Иногда я до такой степени измучивал себя, что охотно бы отдохнул мыслями на каком-нибудь пустяке, чтобы хоть на мгновение забыть о своей беспомощности, или пожалел бы себя; я страдал, но не так меня мучило страдание, как моя непонятливость, мое бессилие, которое я сам себе внушил, поэтому я лелеял в себе страдание, растягивал его, хоть ночь становилась все глуше, и в конце концов почти убеждал себя, что я несчастнейший из несчастных, и в этом было мое утешение, даже больше чем утешение, я черпал из этого силу, чтобы продолжать свои попытки, не обращая внимания на свое убожество, продираться сквозь непонятные мысли, сквозь книги, из которых ни одной я не мог пропустить, я все брал их и брал, как они стояли, по очереди, от двери начиная — эта стена была короче других, поэтому она казалась более доступной и снисходительной ко мне, — и через всю громадную библиотеку, через этот книжный храм, господне святилище, которое возведено было не в утешение человеку, а затем, чтобы его ослепить, унизить, чтобы научить его собственной ничтожности, этому самому горькому знанию о себе, потому что чего там только, в этой библиотеке, не было, — чуть ли не вся премудрость мира.
Я никогда не мог избавиться от ощущения, что вся эта премудрость выступает против меня, точно так же, как против человека выступают засуха, мор, огонь, наводнение. Поэтому я не мог любить ее, не мог уважать, не мог восхищаться ею, как это обычно делают люди, сталкиваясь с мудростью, ибо что они перед ней. Но и чем является сама мудрость без покорности человека? Чем будет господин без невольника? И чем станет земля, если ее не будут любить?
Так что меня хватало только на ненависть. Может, это гордость мной руководила, а может, и убийственное чувство ограниченности, которое каждый бы хотел в себе перебороть или, по крайней мере, обойти как-то, поскольку смирение, хоть и добродетель над добродетелями, но все же оно слабость. Трудно все-таки жизнь начинать со смирения. И может быть, чувство опасности, исходящее от премудростей, заставляло меня защищаться изо всех сил, даже с помощью ненависти.

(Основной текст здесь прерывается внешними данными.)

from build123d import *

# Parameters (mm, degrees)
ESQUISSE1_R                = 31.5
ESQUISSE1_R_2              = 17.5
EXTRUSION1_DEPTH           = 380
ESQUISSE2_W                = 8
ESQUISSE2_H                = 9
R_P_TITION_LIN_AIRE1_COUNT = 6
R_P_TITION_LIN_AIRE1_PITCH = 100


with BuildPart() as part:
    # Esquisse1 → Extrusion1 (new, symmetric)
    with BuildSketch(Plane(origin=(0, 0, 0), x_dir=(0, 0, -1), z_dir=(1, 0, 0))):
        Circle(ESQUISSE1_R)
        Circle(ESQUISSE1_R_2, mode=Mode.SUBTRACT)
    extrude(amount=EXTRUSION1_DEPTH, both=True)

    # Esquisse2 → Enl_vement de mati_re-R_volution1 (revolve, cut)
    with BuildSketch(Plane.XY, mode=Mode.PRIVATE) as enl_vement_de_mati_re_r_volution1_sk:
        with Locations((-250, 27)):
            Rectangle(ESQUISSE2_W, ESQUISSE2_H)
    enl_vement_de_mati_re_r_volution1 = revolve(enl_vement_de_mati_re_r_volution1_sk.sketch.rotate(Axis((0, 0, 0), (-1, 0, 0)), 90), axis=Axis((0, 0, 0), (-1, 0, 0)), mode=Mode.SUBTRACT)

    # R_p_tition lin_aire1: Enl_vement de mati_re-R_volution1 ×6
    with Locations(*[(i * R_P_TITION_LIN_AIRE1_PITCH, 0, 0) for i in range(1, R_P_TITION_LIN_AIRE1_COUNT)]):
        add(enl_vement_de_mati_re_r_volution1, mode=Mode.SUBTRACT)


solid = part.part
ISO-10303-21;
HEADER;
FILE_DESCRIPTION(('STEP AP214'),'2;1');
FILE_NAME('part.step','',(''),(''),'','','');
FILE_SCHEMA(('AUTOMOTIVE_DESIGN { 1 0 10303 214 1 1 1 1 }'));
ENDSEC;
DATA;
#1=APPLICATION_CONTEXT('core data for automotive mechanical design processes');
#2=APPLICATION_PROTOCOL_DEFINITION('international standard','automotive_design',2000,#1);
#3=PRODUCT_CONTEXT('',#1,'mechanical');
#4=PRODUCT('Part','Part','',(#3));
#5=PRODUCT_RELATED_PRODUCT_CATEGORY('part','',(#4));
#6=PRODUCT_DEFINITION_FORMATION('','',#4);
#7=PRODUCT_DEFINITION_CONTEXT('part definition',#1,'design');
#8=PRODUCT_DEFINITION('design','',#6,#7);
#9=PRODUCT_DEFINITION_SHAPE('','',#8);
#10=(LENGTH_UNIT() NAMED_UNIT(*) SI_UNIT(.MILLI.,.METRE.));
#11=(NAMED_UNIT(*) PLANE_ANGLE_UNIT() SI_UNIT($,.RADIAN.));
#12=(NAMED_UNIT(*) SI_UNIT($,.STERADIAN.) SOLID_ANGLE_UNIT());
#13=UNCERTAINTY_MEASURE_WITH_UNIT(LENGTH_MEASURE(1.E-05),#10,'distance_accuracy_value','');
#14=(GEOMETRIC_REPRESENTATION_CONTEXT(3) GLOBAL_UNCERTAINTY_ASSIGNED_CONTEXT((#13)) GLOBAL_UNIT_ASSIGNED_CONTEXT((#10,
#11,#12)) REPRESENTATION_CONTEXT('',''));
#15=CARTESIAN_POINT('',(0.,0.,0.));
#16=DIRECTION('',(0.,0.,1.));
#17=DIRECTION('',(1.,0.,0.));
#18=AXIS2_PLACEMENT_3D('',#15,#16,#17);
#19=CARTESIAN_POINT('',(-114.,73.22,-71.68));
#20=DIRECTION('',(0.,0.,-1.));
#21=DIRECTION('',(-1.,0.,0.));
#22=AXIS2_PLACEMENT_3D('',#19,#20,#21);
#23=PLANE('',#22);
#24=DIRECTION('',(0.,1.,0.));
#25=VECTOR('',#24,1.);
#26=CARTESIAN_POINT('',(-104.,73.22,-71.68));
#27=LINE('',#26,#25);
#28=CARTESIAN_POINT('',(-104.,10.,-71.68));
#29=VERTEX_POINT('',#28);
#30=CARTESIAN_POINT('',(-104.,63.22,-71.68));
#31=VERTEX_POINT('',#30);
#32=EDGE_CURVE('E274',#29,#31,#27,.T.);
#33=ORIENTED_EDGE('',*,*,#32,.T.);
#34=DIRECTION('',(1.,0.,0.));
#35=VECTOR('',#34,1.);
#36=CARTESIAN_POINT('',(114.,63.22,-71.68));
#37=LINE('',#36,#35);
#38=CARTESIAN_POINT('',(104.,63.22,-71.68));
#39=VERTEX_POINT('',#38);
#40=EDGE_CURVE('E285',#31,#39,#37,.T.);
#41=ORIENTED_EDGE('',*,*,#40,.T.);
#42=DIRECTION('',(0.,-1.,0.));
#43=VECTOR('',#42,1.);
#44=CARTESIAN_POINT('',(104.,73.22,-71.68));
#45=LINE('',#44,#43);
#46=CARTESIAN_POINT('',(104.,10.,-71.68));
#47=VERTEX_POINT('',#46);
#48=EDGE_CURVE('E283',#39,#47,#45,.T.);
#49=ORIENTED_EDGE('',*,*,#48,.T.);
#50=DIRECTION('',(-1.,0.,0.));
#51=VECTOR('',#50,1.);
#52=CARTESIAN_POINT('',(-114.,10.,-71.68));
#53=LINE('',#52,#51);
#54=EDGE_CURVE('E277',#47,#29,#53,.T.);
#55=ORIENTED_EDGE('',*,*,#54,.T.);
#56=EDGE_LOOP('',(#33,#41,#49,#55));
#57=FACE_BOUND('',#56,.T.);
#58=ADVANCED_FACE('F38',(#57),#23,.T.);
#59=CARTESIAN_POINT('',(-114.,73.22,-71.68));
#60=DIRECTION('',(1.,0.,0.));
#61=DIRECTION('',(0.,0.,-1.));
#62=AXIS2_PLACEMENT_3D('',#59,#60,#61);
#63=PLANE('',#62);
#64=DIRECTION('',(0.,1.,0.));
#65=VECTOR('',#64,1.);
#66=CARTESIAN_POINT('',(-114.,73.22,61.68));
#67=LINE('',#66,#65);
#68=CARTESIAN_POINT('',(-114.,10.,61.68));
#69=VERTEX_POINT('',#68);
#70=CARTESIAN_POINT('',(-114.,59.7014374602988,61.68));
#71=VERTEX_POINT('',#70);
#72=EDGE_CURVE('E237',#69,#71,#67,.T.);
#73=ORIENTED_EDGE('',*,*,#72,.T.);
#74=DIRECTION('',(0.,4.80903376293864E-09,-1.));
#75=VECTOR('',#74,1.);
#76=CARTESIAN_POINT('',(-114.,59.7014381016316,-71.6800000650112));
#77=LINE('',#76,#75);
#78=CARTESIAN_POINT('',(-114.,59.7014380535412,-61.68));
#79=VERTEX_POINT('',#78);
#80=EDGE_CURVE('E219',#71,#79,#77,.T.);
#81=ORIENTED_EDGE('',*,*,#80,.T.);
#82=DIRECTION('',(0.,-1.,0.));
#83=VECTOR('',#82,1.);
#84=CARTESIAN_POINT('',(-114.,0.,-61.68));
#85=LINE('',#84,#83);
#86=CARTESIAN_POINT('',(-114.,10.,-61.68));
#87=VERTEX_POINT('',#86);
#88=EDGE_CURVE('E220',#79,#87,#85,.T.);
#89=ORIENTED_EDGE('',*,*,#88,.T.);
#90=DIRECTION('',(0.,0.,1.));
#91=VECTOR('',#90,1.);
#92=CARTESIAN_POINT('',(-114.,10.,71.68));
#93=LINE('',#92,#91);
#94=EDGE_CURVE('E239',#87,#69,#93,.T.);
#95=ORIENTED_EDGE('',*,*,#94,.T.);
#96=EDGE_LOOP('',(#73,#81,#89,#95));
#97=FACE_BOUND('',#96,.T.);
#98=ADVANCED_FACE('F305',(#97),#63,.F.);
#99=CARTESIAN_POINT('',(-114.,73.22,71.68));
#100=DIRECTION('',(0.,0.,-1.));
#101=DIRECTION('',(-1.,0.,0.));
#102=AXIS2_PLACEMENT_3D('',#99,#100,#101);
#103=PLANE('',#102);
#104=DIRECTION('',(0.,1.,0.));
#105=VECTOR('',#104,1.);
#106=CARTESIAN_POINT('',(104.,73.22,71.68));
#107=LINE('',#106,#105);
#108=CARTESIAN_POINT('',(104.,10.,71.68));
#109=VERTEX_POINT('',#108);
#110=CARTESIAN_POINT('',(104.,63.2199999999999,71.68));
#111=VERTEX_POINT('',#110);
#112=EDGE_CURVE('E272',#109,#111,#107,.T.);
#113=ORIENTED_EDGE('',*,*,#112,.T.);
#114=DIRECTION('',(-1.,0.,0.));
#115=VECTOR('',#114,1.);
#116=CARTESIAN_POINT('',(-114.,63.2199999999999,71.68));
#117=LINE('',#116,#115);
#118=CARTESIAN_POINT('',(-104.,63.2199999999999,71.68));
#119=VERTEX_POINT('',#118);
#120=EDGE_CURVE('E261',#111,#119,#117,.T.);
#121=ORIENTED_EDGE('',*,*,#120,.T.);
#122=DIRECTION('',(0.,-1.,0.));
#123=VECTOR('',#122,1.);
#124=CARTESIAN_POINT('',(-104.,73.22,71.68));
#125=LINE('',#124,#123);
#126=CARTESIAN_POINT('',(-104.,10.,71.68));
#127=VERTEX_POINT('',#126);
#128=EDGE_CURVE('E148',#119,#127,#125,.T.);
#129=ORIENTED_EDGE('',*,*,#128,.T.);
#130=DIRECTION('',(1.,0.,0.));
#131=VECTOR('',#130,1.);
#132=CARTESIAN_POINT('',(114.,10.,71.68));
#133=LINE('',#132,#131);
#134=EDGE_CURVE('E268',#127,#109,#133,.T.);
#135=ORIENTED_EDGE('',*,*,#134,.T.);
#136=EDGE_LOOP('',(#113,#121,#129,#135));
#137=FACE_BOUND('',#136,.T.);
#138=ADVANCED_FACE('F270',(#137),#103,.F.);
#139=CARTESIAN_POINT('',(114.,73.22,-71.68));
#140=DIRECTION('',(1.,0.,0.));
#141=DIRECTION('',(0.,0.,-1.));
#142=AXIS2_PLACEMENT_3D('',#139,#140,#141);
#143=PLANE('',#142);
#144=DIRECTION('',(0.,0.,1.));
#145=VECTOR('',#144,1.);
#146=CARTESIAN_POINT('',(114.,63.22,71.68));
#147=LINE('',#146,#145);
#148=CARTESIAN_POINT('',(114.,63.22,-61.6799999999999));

И как я их проклинал, эти книжки, кто бы знал? Эта их серьезность, бесчувственная их величественность побуждала во мне ощущения, в которых стыдно признаваться, подсказывала мне изощреннейшие издевательства, какие и в страшном сне не приснятся, так что лучше о них промолчать.
Может, я не должен так откровенно признаваться в ненависти, это ведь низкое чувство. Но если ты можешь по крайней мере ненавидеть, значит, ты уже не так ужасно беспомощен. Ненависть окрыляла меня, очищала от первородного греха униженности, от единственного, что я унаследовал, что всосал с молоком матери. Я даже чувствовал в себе какое-то величие, могущество, я мог надеяться. И этот прилипчивый страх, который охватывал меня при одной только мысли о книжках, ожидающих где-то там, когда я появлюсь, чтобы посмеяться над моим бессилием, над моим волнением, повеселиться за мой счет, потому что книги вовсе не так невинны, да и какая мудрость может быть невинна, а я им был вроде посмешища, — так вот, этот страх уже не ощущался, когда я ненавидел.